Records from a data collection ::
+++

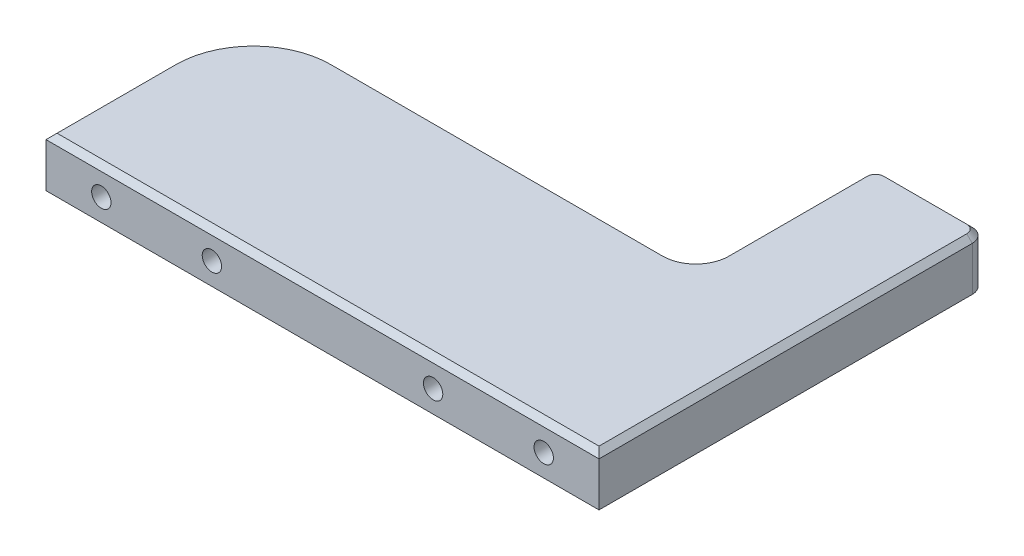
ISO-10303-21;
HEADER;
FILE_DESCRIPTION(('STEP AP214'),'2;1');
FILE_NAME('part.step','',(''),(''),'','','');
FILE_SCHEMA(('AUTOMOTIVE_DESIGN { 1 0 10303 214 1 1 1 1 }'));
ENDSEC;
DATA;
#1=APPLICATION_CONTEXT('core data for automotive mechanical design processes');
#2=APPLICATION_PROTOCOL_DEFINITION('international standard','automotive_design',2000,#1);
#3=PRODUCT_CONTEXT('',#1,'mechanical');
#4=PRODUCT('Part','Part','',(#3));
#5=PRODUCT_RELATED_PRODUCT_CATEGORY('part','',(#4));
#6=PRODUCT_DEFINITION_FORMATION('','',#4);
#7=PRODUCT_DEFINITION_CONTEXT('part definition',#1,'design');
#8=PRODUCT_DEFINITION('design','',#6,#7);
#9=PRODUCT_DEFINITION_SHAPE('','',#8);
#10=(LENGTH_UNIT() NAMED_UNIT(*) SI_UNIT(.MILLI.,.METRE.));
#11=(NAMED_UNIT(*) PLANE_ANGLE_UNIT() SI_UNIT($,.RADIAN.));
#12=(NAMED_UNIT(*) SI_UNIT($,.STERADIAN.) SOLID_ANGLE_UNIT());
#13=UNCERTAINTY_MEASURE_WITH_UNIT(LENGTH_MEASURE(1.E-05),#10,'distance_accuracy_value','');
#14=(GEOMETRIC_REPRESENTATION_CONTEXT(3) GLOBAL_UNCERTAINTY_ASSIGNED_CONTEXT((#13)) GLOBAL_UNIT_ASSIGNED_CONTEXT((#10,
#11,#12)) REPRESENTATION_CONTEXT('',''));
#15=CARTESIAN_POINT('',(0.,0.,0.));
#16=DIRECTION('',(0.,0.,1.));
#17=DIRECTION('',(1.,0.,0.));
#18=AXIS2_PLACEMENT_3D('',#15,#16,#17);
#19=CARTESIAN_POINT('',(0.,20.,0.));
#20=DIRECTION('',(0.,0.,1.));
#21=DIRECTION('',(1.,0.,0.));
#22=AXIS2_PLACEMENT_3D('',#19,#20,#21);
#23=PLANE('',#22);
#24=DIRECTION('',(0.,-1.,0.));
#25=VECTOR('',#24,1.);
#26=CARTESIAN_POINT('',(-5.,20.,0.));
#27=LINE('',#26,#25);
#28=CARTESIAN_POINT('',(-5.,18.,0.));
#29=VERTEX_POINT('',#28);
#30=CARTESIAN_POINT('',(-5.,2.,0.));
#31=VERTEX_POINT('',#30);
#32=EDGE_CURVE('E359',#29,#31,#27,.T.);
#33=ORIENTED_EDGE('',*,*,#32,.T.);
#34=DIRECTION('',(-1.,0.,0.));
#35=VECTOR('',#34,1.);
#36=CARTESIAN_POINT('',(0.,2.,0.));
#37=LINE('',#36,#35);
#38=CARTESIAN_POINT('',(-35.,2.,0.));
#39=VERTEX_POINT('',#38);
#40=EDGE_CURVE('E255',#31,#39,#37,.T.);
#41=ORIENTED_EDGE('',*,*,#40,.T.);
#42=DIRECTION('',(0.,-1.,0.));
#43=VECTOR('',#42,1.);
#44=CARTESIAN_POINT('',(-35.,20.,0.));
#45=LINE('',#44,#43);
#46=CARTESIAN_POINT('',(-35.,18.,0.));
#47=VERTEX_POINT('',#46);
#48=EDGE_CURVE('E362',#39,#47,#45,.F.);
#49=ORIENTED_EDGE('',*,*,#48,.T.);
#50=DIRECTION('',(1.,0.,0.));
#51=VECTOR('',#50,1.);
#52=CARTESIAN_POINT('',(-5.,18.,0.));
#53=LINE('',#52,#51);
#54=EDGE_CURVE('E253',#47,#29,#53,.T.);
#55=ORIENTED_EDGE('',*,*,#54,.T.);
#56=EDGE_LOOP('',(#33,#41,#49,#55));
#57=FACE_BOUND('',#56,.T.);
#58=ADVANCED_FACE('F44',(#57),#23,.F.);
#59=CARTESIAN_POINT('',(-40.,20.,0.));
#60=DIRECTION('',(1.,0.,0.));
#61=DIRECTION('',(0.,0.,-1.));
#62=AXIS2_PLACEMENT_3D('',#59,#60,#61);
#63=PLANE('',#62);
#64=DIRECTION('',(0.,-1.,0.));
#65=VECTOR('',#64,1.);
#66=CARTESIAN_POINT('',(-40.,20.,5.00000000000001));
#67=LINE('',#66,#65);
#68=CARTESIAN_POINT('',(-40.,18.,5.00000000000001));
#69=VERTEX_POINT('',#68);
#70=CARTESIAN_POINT('',(-40.,2.,5.00000000000001));
#71=VERTEX_POINT('',#70);
#72=EDGE_CURVE('E364',#69,#71,#67,.T.);
#73=ORIENTED_EDGE('',*,*,#72,.T.);
#74=DIRECTION('',(0.,0.,1.));
#75=VECTOR('',#74,1.);
#76=CARTESIAN_POINT('',(-40.,2.,0.));
#77=LINE('',#76,#75);
#78=CARTESIAN_POINT('',(-40.,2.,55.));
#79=VERTEX_POINT('',#78);
#80=EDGE_CURVE('E263',#71,#79,#77,.T.);
#81=ORIENTED_EDGE('',*,*,#80,.T.);
#82=DIRECTION('',(0.,-1.,0.));
#83=VECTOR('',#82,1.);
#84=CARTESIAN_POINT('',(-40.,20.,55.));
#85=LINE('',#84,#83);
#86=CARTESIAN_POINT('',(-40.,18.,55.));
#87=VERTEX_POINT('',#86);
#88=EDGE_CURVE('E367',#79,#87,#85,.F.);
#89=ORIENTED_EDGE('',*,*,#88,.T.);
#90=DIRECTION('',(0.,0.,-1.));
#91=VECTOR('',#90,1.);
#92=CARTESIAN_POINT('',(-40.,18.,5.00000000000001));
#93=LINE('',#92,#91);
#94=EDGE_CURVE('E261',#87,#69,#93,.T.);
#95=ORIENTED_EDGE('',*,*,#94,.T.);
#96=EDGE_LOOP('',(#73,#81,#89,#95));
#97=FACE_BOUND('',#96,.T.);
#98=ADVANCED_FACE('F424',(#97),#63,.F.);
#99=CARTESIAN_POINT('',(-40.,20.,65.));
#100=DIRECTION('',(0.,0.,1.));
#101=DIRECTION('',(1.,0.,0.));
#102=AXIS2_PLACEMENT_3D('',#99,#100,#101);
#103=PLANE('',#102);
#104=DIRECTION('',(0.,-1.,0.));
#105=VECTOR('',#104,1.);
#106=CARTESIAN_POINT('',(-50.,0.,65.));
#107=LINE('',#106,#105);
#108=CARTESIAN_POINT('',(-50.,18.,65.));
#109=VERTEX_POINT('',#108);
#110=CARTESIAN_POINT('',(-50.,2.,65.));
#111=VERTEX_POINT('',#110);
#112=EDGE_CURVE('E430',#109,#111,#107,.T.);
#113=ORIENTED_EDGE('',*,*,#112,.T.);
#114=DIRECTION('',(-1.,0.,0.));
#115=VECTOR('',#114,1.);
#116=CARTESIAN_POINT('',(-40.,2.,65.));
#117=LINE('',#116,#115);
#118=CARTESIAN_POINT('',(-170.,2.,65.));
#119=VERTEX_POINT('',#118);
#120=EDGE_CURVE('E272',#111,#119,#117,.T.);
#121=ORIENTED_EDGE('',*,*,#120,.T.);
#122=DIRECTION('',(0.,-1.,0.));
#123=VECTOR('',#122,1.);
#124=CARTESIAN_POINT('',(-170.,20.,65.));
#125=LINE('',#124,#123);
#126=CARTESIAN_POINT('',(-170.,18.,65.));
#127=VERTEX_POINT('',#126);
#128=EDGE_CURVE('E220',#119,#127,#125,.F.);
#129=ORIENTED_EDGE('',*,*,#128,.T.);
#130=DIRECTION('',(1.,0.,0.));
#131=VECTOR('',#130,1.);
#132=CARTESIAN_POINT('',(-50.,18.,65.));
#133=LINE('',#132,#131);
#134=EDGE_CURVE('E270',#127,#109,#133,.T.);
#135=ORIENTED_EDGE('',*,*,#134,.T.);
#136=EDGE_LOOP('',(#113,#121,#129,#135));
#137=FACE_BOUND('',#136,.T.);
#138=ADVANCED_FACE('F489',(#137),#103,.F.);
#139=CARTESIAN_POINT('',(-200.,20.,65.));
#140=DIRECTION('',(1.,0.,0.));
#141=DIRECTION('',(0.,0.,-1.));
#142=AXIS2_PLACEMENT_3D('',#139,#140,#141);
#143=PLANE('',#142);
#144=DIRECTION('',(0.,-1.,0.));
#145=VECTOR('',#144,1.);
#146=CARTESIAN_POINT('',(-200.,20.,95.));
#147=LINE('',#146,#145);
#148=CARTESIAN_POINT('',(-200.,18.,95.));
#149=VERTEX_POINT('',#148);
#150=CARTESIAN_POINT('',(-200.,2.,95.));
#151=VERTEX_POINT('',#150);
#152=EDGE_CURVE('E225',#149,#151,#147,.T.);
#153=ORIENTED_EDGE('',*,*,#152,.T.);
#154=DIRECTION('',(0.,0.,1.));
#155=VECTOR('',#154,1.);
#156=CARTESIAN_POINT('',(-200.,2.,65.));
#157=LINE('',#156,#155);
#158=CARTESIAN_POINT('',(-200.,2.,140.));
#159=VERTEX_POINT('',#158);
#160=EDGE_CURVE('E280',#151,#159,#157,.T.);
#161=ORIENTED_EDGE('',*,*,#160,.T.);
#162=DIRECTION('',(0.,-1.,0.));
#163=VECTOR('',#162,1.);
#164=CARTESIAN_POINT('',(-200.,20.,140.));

+++

INSTRUCTIONS TO FOLLOW ::
Look above for the line holding "#79=VERTEX_POINT('',#78);", then set down exactly that line and every line after it up to and including the line holding "#111=VERTEX_POINT('',#110);", with nothing else.

EXERCISE RESULT ::
#79=VERTEX_POINT('',#78);
#80=EDGE_CURVE('E263',#71,#79,#77,.T.);
#81=ORIENTED_EDGE('',*,*,#80,.T.);
#82=DIRECTION('',(0.,-1.,0.));
#83=VECTOR('',#82,1.);
#84=CARTESIAN_POINT('',(-40.,20.,55.));
#85=LINE('',#84,#83);
#86=CARTESIAN_POINT('',(-40.,18.,55.));
#87=VERTEX_POINT('',#86);
#88=EDGE_CURVE('E367',#79,#87,#85,.F.);
#89=ORIENTED_EDGE('',*,*,#88,.T.);
#90=DIRECTION('',(0.,0.,-1.));
#91=VECTOR('',#90,1.);
#92=CARTESIAN_POINT('',(-40.,18.,5.00000000000001));
#93=LINE('',#92,#91);
#94=EDGE_CURVE('E261',#87,#69,#93,.T.);
#95=ORIENTED_EDGE('',*,*,#94,.T.);
#96=EDGE_LOOP('',(#73,#81,#89,#95));
#97=FACE_BOUND('',#96,.T.);
#98=ADVANCED_FACE('F424',(#97),#63,.F.);
#99=CARTESIAN_POINT('',(-40.,20.,65.));
#100=DIRECTION('',(0.,0.,1.));
#101=DIRECTION('',(1.,0.,0.));
#102=AXIS2_PLACEMENT_3D('',#99,#100,#101);
#103=PLANE('',#102);
#104=DIRECTION('',(0.,-1.,0.));
#105=VECTOR('',#104,1.);
#106=CARTESIAN_POINT('',(-50.,0.,65.));
#107=LINE('',#106,#105);
#108=CARTESIAN_POINT('',(-50.,18.,65.));
#109=VERTEX_POINT('',#108);
#110=CARTESIAN_POINT('',(-50.,2.,65.));
#111=VERTEX_POINT('',#110);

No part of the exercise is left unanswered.